They seem to be somewhat popular in custom and experimental applications for which regular production EV motors are not available new (since they are only supplied to OEMs), and particularly where the pancake format is desirable. The only production application that I can think of offhand is the bizarre Koenigsegg Regera, where YASA motors are used in an unusual hybrid configuration with a torque converter transmission; in that case only the engine-side unit (normally operating as a generator) is a YASA P400, with P750 motors for each rear wheel. The electric side is fine but the mechanical (including torque converter) side is so stupid that even Koenigsegg has not used it on another model; the subsequent Jesko has a fully mechanical multi-clutch transmission, although it may be back in an even more bizarre form in the coming Gemera. Koenigsegg only builds a handful of units of each model, so they barely count as production vehicles.


----------



## David Arthur (Sep 25, 2017)

remy_martian said:


> I'm still interested in the lot of the motors, but need you to figure out how to ship them to me here in The Greatest Country in The World™ ** which is where we left it off, iirc.
> 
> They are kinda expensive (the Model 3 is making most motors out there next to worthless), sucky & clunky compared to other motors out there, which is why I think nobody really latched onto them for production (that I know of).
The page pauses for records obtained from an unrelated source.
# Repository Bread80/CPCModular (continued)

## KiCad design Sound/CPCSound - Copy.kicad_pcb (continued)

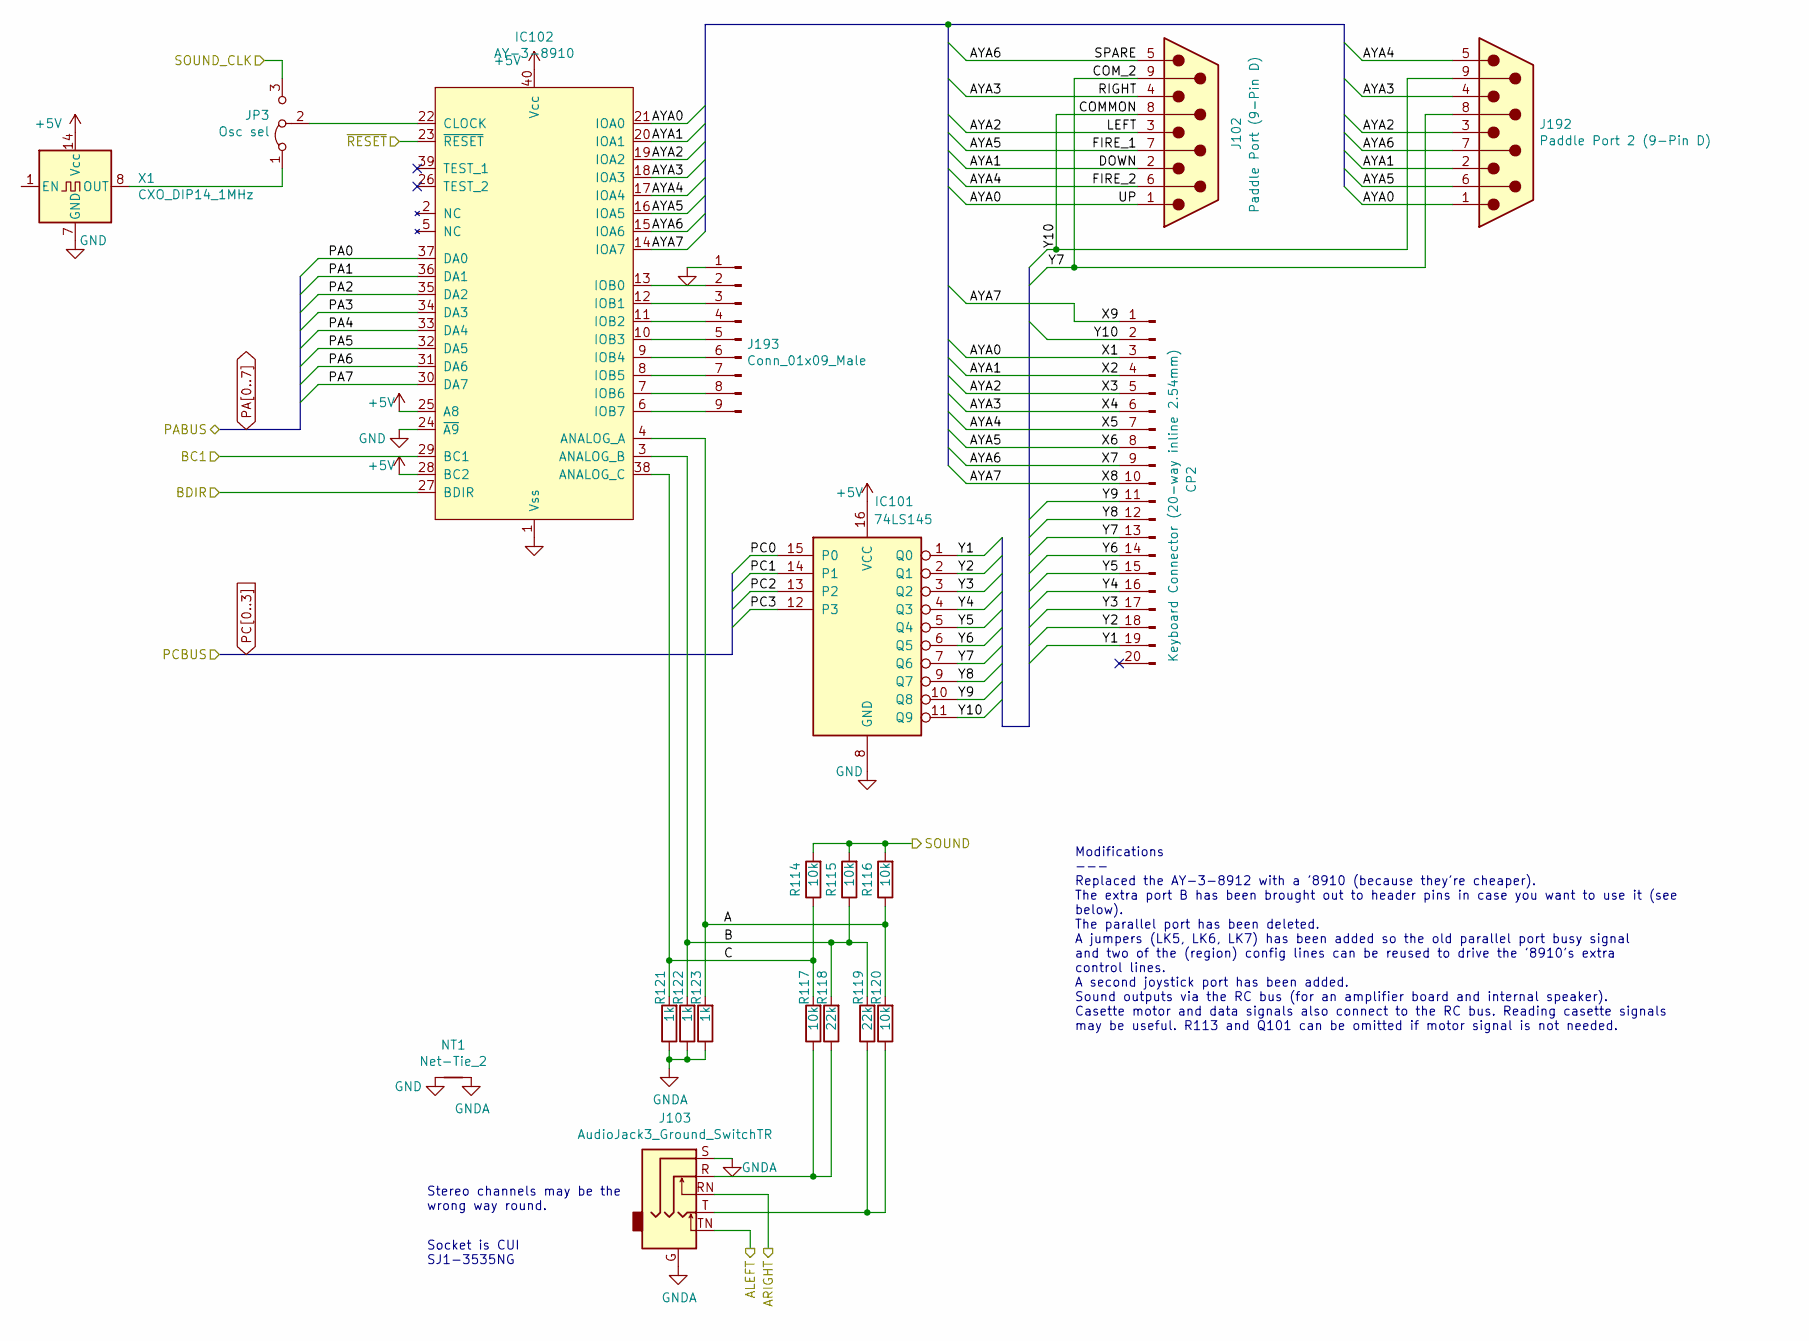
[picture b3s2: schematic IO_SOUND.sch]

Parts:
CP002: Keyboard Connector (20-way inline 2.54mm); PinHeader_1x20_P2.54mm_Vertical
IC101: 74LS145; DIP-16_W7.62mm_Socket
IC102: AY-3-8910; DIP-40_W15.24mm_Socket
J102: Paddle Port (9-Pin D); DSUB-9_Male_Horizontal_P2.77x2.84mm_EdgePinOffset9.90mm_Hou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
J103: AudioJack3_Ground_SwitchTR; Jack_3.5mm_CUI_SJ1-3535NG_Horizontal
J192: Paddle Port 2 (9-Pin D); DSUB-9_Male_Horizontal_P2.77x2.84mm_EdgePinOffset9.40mm
J193: Conn_01x09_Male; PinHeader_1x09_P2.54mm_Vertical
JP3: Osc sel; PinHeader_1x03_P2.54mm_Vertical
NT1: Net-Tie_2; NetTie-2_SMD_Pad0.5mm
R114, R115, R116, R117, R120: 10k; R_Axial_DIN0207_L6.3mm_D2.5mm_P7.62mm_Horizontal
R118, R119: 22k; R_Axial_DIN0207_L6.3mm_D2.5mm_P7.62mm_Horizontal
R121, R122, R123: 1k; R_Axial_DIN0207_L6.3mm_D2.5mm_P7.62mm_Horizontal
X1: CXO_DIP14_1MHz; Oscillator_DIP-14

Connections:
+5V: IC101.16 (VCC), IC102.25 (A8), IC102.28 (BC2), IC102.40 (Vcc), X1.14 (Vcc); also elsewhere on the board
/IO_SOUND/A: IC102.4 (ANALOG_A), R116.1, R120.2, R123.2
/IO_SOUND/ALEFT: J103.TN; also elsewhere on the board
/IO_SOUND/ARIGHT: J103.RN; also elsewhere on the board
/IO_SOUND/AYA0: IC102.21 (IOA0), J102.1, J192.1; also elsewhere on the board
/IO_SOUND/AYA1: IC102.20 (IOA1), J102.2, J192.2; also elsewhere on the board
/IO_SOUND/AYA2: IC102.19 (IOA2), J102.3, J192.3; also elsewhere on the board
/IO_SOUND/AYA3: IC102.18 (IOA3), J102.4, J192.4; also elsewhere on the board
/IO_SOUND/AYA4: IC102.17 (IOA4), J102.6, J192.5; also elsewhere on the board
/IO_SOUND/AYA5: IC102.16 (IOA5), J102.7, J192.6; also elsewhere on the board
/IO_SOUND/AYA6: IC102.15 (IOA6), J102.5, J192.7; also elsewhere on the board
/IO_SOUND/AYA7: IC102.14 (IOA7); also elsewhere on the board
/IO_SOUND/B: IC102.3 (ANALOG_B), R115.1, R118.2, R119.2, R122.2
/IO_SOUND/BC1: IC102.29 (BC1); also elsewhere on the board
/IO_SOUND/BDIR: IC102.27 (BDIR); also elsewhere on the board
/IO_SOUND/C: IC102.38 (ANALOG_C), R114.1, R117.2, R121.2
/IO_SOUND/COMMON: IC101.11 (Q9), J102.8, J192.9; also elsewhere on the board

Such is most stuff that comes out of a university.
> 
> ...





remy_martian said:


> I'm still interested in the lot of the motors, but need you to figure out how to ship them to me here in The Greatest Country in The World™ ** which is where we left it off, iirc.
> 
> They are kinda expensive (the Model 3 is making most motors out there next to worthless), sucky & clunky compared to other motors out there, which is why I think nobody really latched onto them for production (that I know of). Such is most stuff that comes out of a university.
> 
> ...



Hi Remy I was just sifting through the site as you do, and noted your interest in the Yasa motors. I had to buy the lot to get a good deal, but i only really need 2 off motors myself, and a spare, and i am happy with the used ones. I have sold one of the new ones on, so still have 3 available for sale, and was asking £3500 each if you are still interested, but either way i will be advertising on here after Christmas, so no rush. All the best. Dave


----------



## remy_martian (Feb 4, 2019)

Hi,

Thanks for the offer, but I can't do more than 3500 quid for all 3, and that's making some huge assumptions on shipping. 

It's unfortunate you sold the one off, as 4 would have been interesting. 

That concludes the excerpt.